_What to produce_
Count every line in the following entries that holds the word "Layer". Only the number should be given.

_Dataset_

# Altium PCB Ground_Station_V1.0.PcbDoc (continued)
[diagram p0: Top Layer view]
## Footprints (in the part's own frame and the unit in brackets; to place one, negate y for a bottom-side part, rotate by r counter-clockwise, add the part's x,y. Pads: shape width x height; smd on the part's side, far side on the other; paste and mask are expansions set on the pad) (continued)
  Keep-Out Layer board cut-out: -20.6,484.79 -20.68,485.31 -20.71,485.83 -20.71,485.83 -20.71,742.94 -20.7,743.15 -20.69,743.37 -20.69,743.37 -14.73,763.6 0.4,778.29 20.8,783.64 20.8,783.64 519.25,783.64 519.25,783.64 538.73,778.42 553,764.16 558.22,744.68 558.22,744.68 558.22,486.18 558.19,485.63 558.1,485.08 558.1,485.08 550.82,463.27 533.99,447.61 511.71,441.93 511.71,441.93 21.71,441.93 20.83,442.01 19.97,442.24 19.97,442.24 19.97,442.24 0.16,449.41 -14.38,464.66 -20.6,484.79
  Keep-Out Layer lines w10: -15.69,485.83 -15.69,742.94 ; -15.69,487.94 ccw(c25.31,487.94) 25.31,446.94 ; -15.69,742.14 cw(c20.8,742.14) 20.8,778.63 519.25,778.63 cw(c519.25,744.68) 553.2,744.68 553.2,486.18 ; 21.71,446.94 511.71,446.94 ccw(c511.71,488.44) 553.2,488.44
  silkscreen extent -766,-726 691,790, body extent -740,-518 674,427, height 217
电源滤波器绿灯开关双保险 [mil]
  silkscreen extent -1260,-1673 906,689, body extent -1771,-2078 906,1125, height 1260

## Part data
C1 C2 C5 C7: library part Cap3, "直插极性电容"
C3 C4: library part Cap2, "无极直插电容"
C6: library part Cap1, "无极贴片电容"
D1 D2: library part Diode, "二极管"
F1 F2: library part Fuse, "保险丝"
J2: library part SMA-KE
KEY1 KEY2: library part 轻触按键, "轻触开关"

_Output_
3